=== Section Start ===

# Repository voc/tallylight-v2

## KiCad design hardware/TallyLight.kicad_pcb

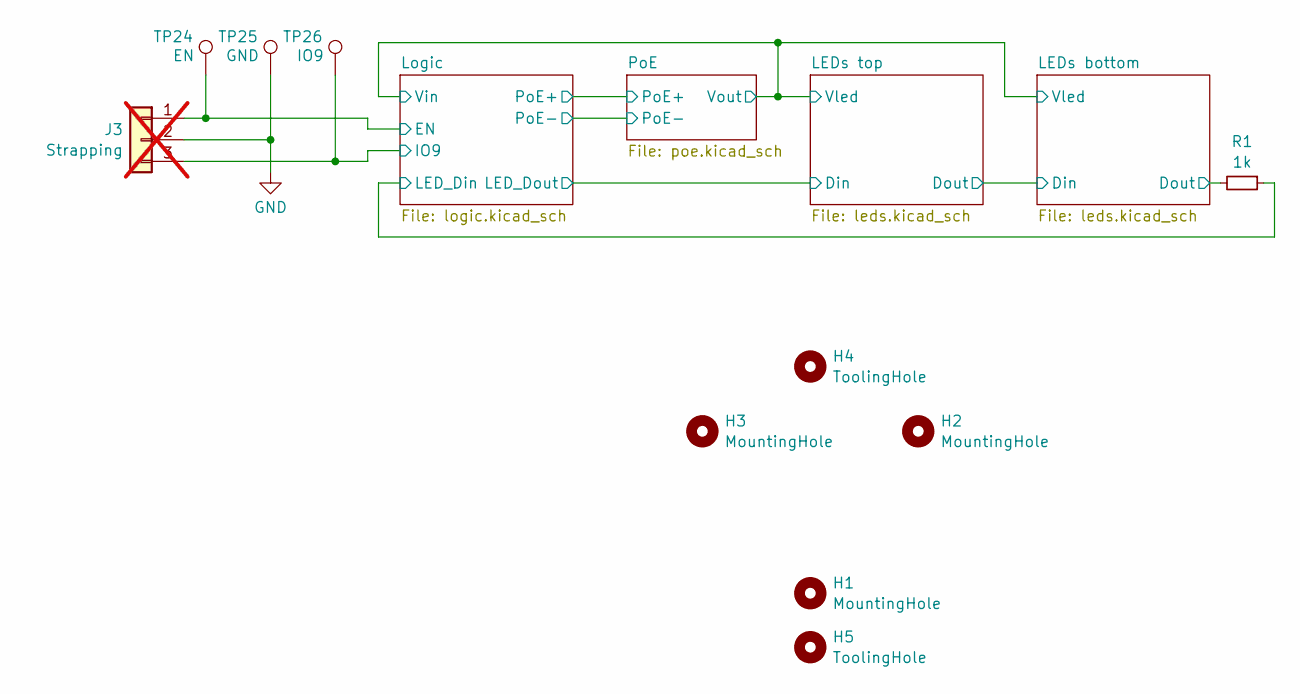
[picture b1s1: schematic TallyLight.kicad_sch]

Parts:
H1, H2, H3: MountingHole; MountingHole_3.2mm_M3
H4, H5: ToolingHole; ToolingHole_JLCSMT
J3: Strapping; PinHeader_1x03_P2.54mm_Vertical; not fitted
R1: 1k; R_0402_1005Metric; LCSC C11702
TP24: EN; TestPoint_Pad_D2.0mm_no_outline
TP25: GND; TestPoint_Pad_D2.0mm
TP26: IO9; TestPoint_Pad_D2.0mm_no_outline

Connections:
/LEDs bottom/Dout: R1.2; also elsewhere on the board
/Logic/EN: J3.1, TP24.1; also elsewhere on the board
/Logic/IO9: J3.3, TP26.1; also elsewhere on the board
/Logic/LED_Din: R1.1; also elsewhere on the board
GND: J3.2, TP25.1; also elsewhere on the board

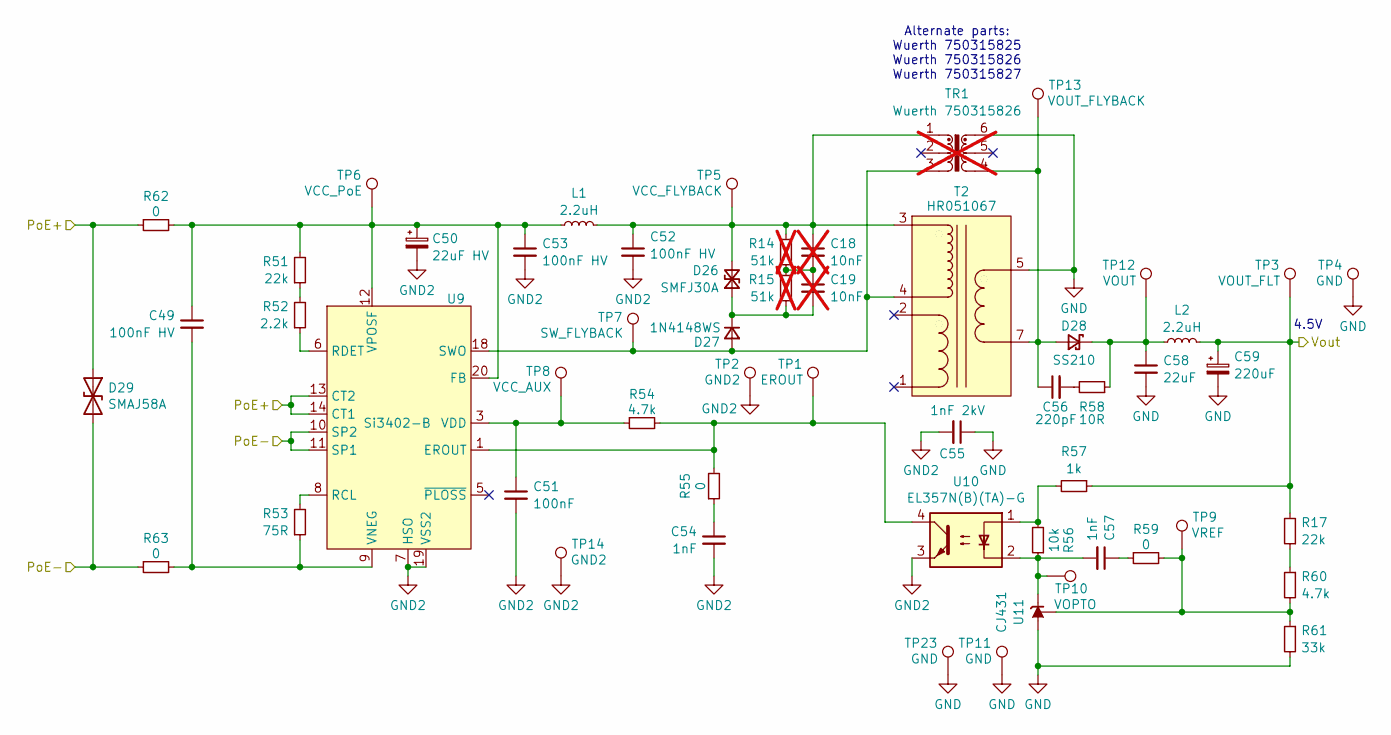
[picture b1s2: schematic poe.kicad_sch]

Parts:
C18, C19: 10nF; C_0402_1005Metric; LCSC C15195; not fitted
C49, C52, C53: 100nF HV; C_0805_2012Metric; LCSC C28233
C50: 22uF HV; CP_Elec_6.3x7.7; LCSC C344075
C51: 100nF; C_0402_1005Metric; LCSC C1525
C54, C57: 1nF; C_0402_1005Metric; LCSC C1523
C55: 1nF 2kV; C_1206_3216Metric; LCSC C9196
C56: 220pF; C_0402_1005Metric; LCSC C1530
C58: 22uF; C_0805_2012Metric; LCSC C45783
C59: 220uF; CP_Elec_6.3x7.7; LCSC C5243829
D26: SMFJ30A; D_SOD-123F; LCSC C151895
D27: 1N4148WS; D_SOD-323; LCSC C2128
D28: SS210; D_SMA; LCSC C14996
D29: SMAJ58A; D_SMA; LCSC C2980408
L1, L2: 2.2uH; L_1008_2520Metric; LCSC C964122
R14, R15: 51k; R_0402_1005Metric; LCSC C25794; not fitted
R17, R51: 22k; R_0402_1005Metric; LCSC C25768
R52: 2.2k; R_0402_1005Metric; LCSC C25879
R53: 75R; R_0603_1608Metric; LCSC C23242
R54, R60: 4.7k; R_0402_1005Metric; LCSC C25900
R55, R59, R62, R63: 0; R_0402_1005Metric; LCSC C17168
R56: 10k; R_0402_1005Metric; LCSC C25744
R57: 1k; R_0402_1005Metric; LCSC C11702
R58: 10R; R_0402_1005Metric; LCSC C25077
R61: 33k; R_0402_1005Metric; LCSC C25779
T2: HR051067; LCSC C93830
TP1: EROUT; TestPoint_Pad_D2.0mm_no_outline
TP2, TP14: GND2; TestPoint_Pad_D2.0mm_trianglular_outline
TP3: VOUT_FLT; TestPoint_Pad_D2.0mm_no_outline
TP4, TP11, TP23: GND; TestPoint_Pad_D2.0mm
TP5: VCC_FLYBACK; TestPoint_Pad_D2.0mm_no_outline
TP6: VCC_PoE; TestPoint_Pad_D2.0mm_no_outline
TP7: SW_FLYBACK; TestPoint_Pad_D2.0mm_no_outline
TP8: VCC_AUX; TestPoint_Pad_D2.0mm_no_outline
TP9: VREF; TestPoint_Pad_D2.0mm_no_outline
TP10: VOPTO; TestPoint_Pad_D2.0mm_no_outline
TP12: VOUT; TestPoint_Pad_D2.0mm_no_outline
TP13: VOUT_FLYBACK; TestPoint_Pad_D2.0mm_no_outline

=== Section End ===

[WHAT IS NEEDED] Leaving the images behind, set down every entry word for word.

[SOLUTION]
# Repository voc/tallylight-v2

## KiCad design hardware/TallyLight.kicad_pcb

[picture b1s1: schematic TallyLight.kicad_sch]

Parts:
H1, H2, H3: MountingHole; MountingHole_3.2mm_M3
H4, H5: ToolingHole; ToolingHole_JLCSMT
J3: Strapping; PinHeader_1x03_P2.54mm_Vertical; not fitted
R1: 1k; R_0402_1005Metric; LCSC C11702
TP24: EN; TestPoint_Pad_D2.0mm_no_outline
TP25: GND; TestPoint_Pad_D2.0mm
TP26: IO9; TestPoint_Pad_D2.0mm_no_outline

Connections:
/LEDs bottom/Dout: R1.2; also elsewhere on the board
/Logic/EN: J3.1, TP24.1; also elsewhere on the board
/Logic/IO9: J3.3, TP26.1; also elsewhere on the board
/Logic/LED_Din: R1.1; also elsewhere on the board
GND: J3.2, TP25.1; also elsewhere on the board

[picture b1s2: schematic poe.kicad_sch]

Parts:
C18, C19: 10nF; C_0402_1005Metric; LCSC C15195; not fitted
C49, C52, C53: 100nF HV; C_0805_2012Metric; LCSC C28233
C50: 22uF HV; CP_Elec_6.3x7.7; LCSC C344075
C51: 100nF; C_0402_1005Metric; LCSC C1525
C54, C57: 1nF; C_0402_1005Metric; LCSC C1523
C55: 1nF 2kV; C_1206_3216Metric; LCSC C9196
C56: 220pF; C_0402_1005Metric; LCSC C1530
C58: 22uF; C_0805_2012Metric; LCSC C45783
C59: 220uF; CP_Elec_6.3x7.7; LCSC C5243829
D26: SMFJ30A; D_SOD-123F; LCSC C151895
D27: 1N4148WS; D_SOD-323; LCSC C2128
D28: SS210; D_SMA; LCSC C14996
D29: SMAJ58A; D_SMA; LCSC C2980408
L1, L2: 2.2uH; L_1008_2520Metric; LCSC C964122
R14, R15: 51k; R_0402_1005Metric; LCSC C25794; not fitted
R17, R51: 22k; R_0402_1005Metric; LCSC C25768
R52: 2.2k; R_0402_1005Metric; LCSC C25879
R53: 75R; R_0603_1608Metric; LCSC C23242
R54, R60: 4.7k; R_0402_1005Metric; LCSC C25900
R55, R59, R62, R63: 0; R_0402_1005Metric; LCSC C17168
R56: 10k; R_0402_1005Metric; LCSC C25744
R57: 1k; R_0402_1005Metric; LCSC C11702
R58: 10R; R_0402_1005Metric; LCSC C25077
R61: 33k; R_0402_1005Metric; LCSC C25779
T2: HR051067; LCSC C93830
TP1: EROUT; TestPoint_Pad_D2.0mm_no_outline
TP2, TP14: GND2; TestPoint_Pad_D2.0mm_trianglular_outline
TP3: VOUT_FLT; TestPoint_Pad_D2.0mm_no_outline
TP4, TP11, TP23: GND; TestPoint_Pad_D2.0mm
TP5: VCC_FLYBACK; TestPoint_Pad_D2.0mm_no_outline
TP6: VCC_PoE; TestPoint_Pad_D2.0mm_no_outline
TP7: SW_FLYBACK; TestPoint_Pad_D2.0mm_no_outline
TP8: VCC_AUX; TestPoint_Pad_D2.0mm_no_outline
TP9: VREF; TestPoint_Pad_D2.0mm_no_outline
TP10: VOPTO; TestPoint_Pad_D2.0mm_no_outline
TP12: VOUT; TestPoint_Pad_D2.0mm_no_outline
TP13: VOUT_FLYBACK; TestPoint_Pad_D2.0mm_no_outline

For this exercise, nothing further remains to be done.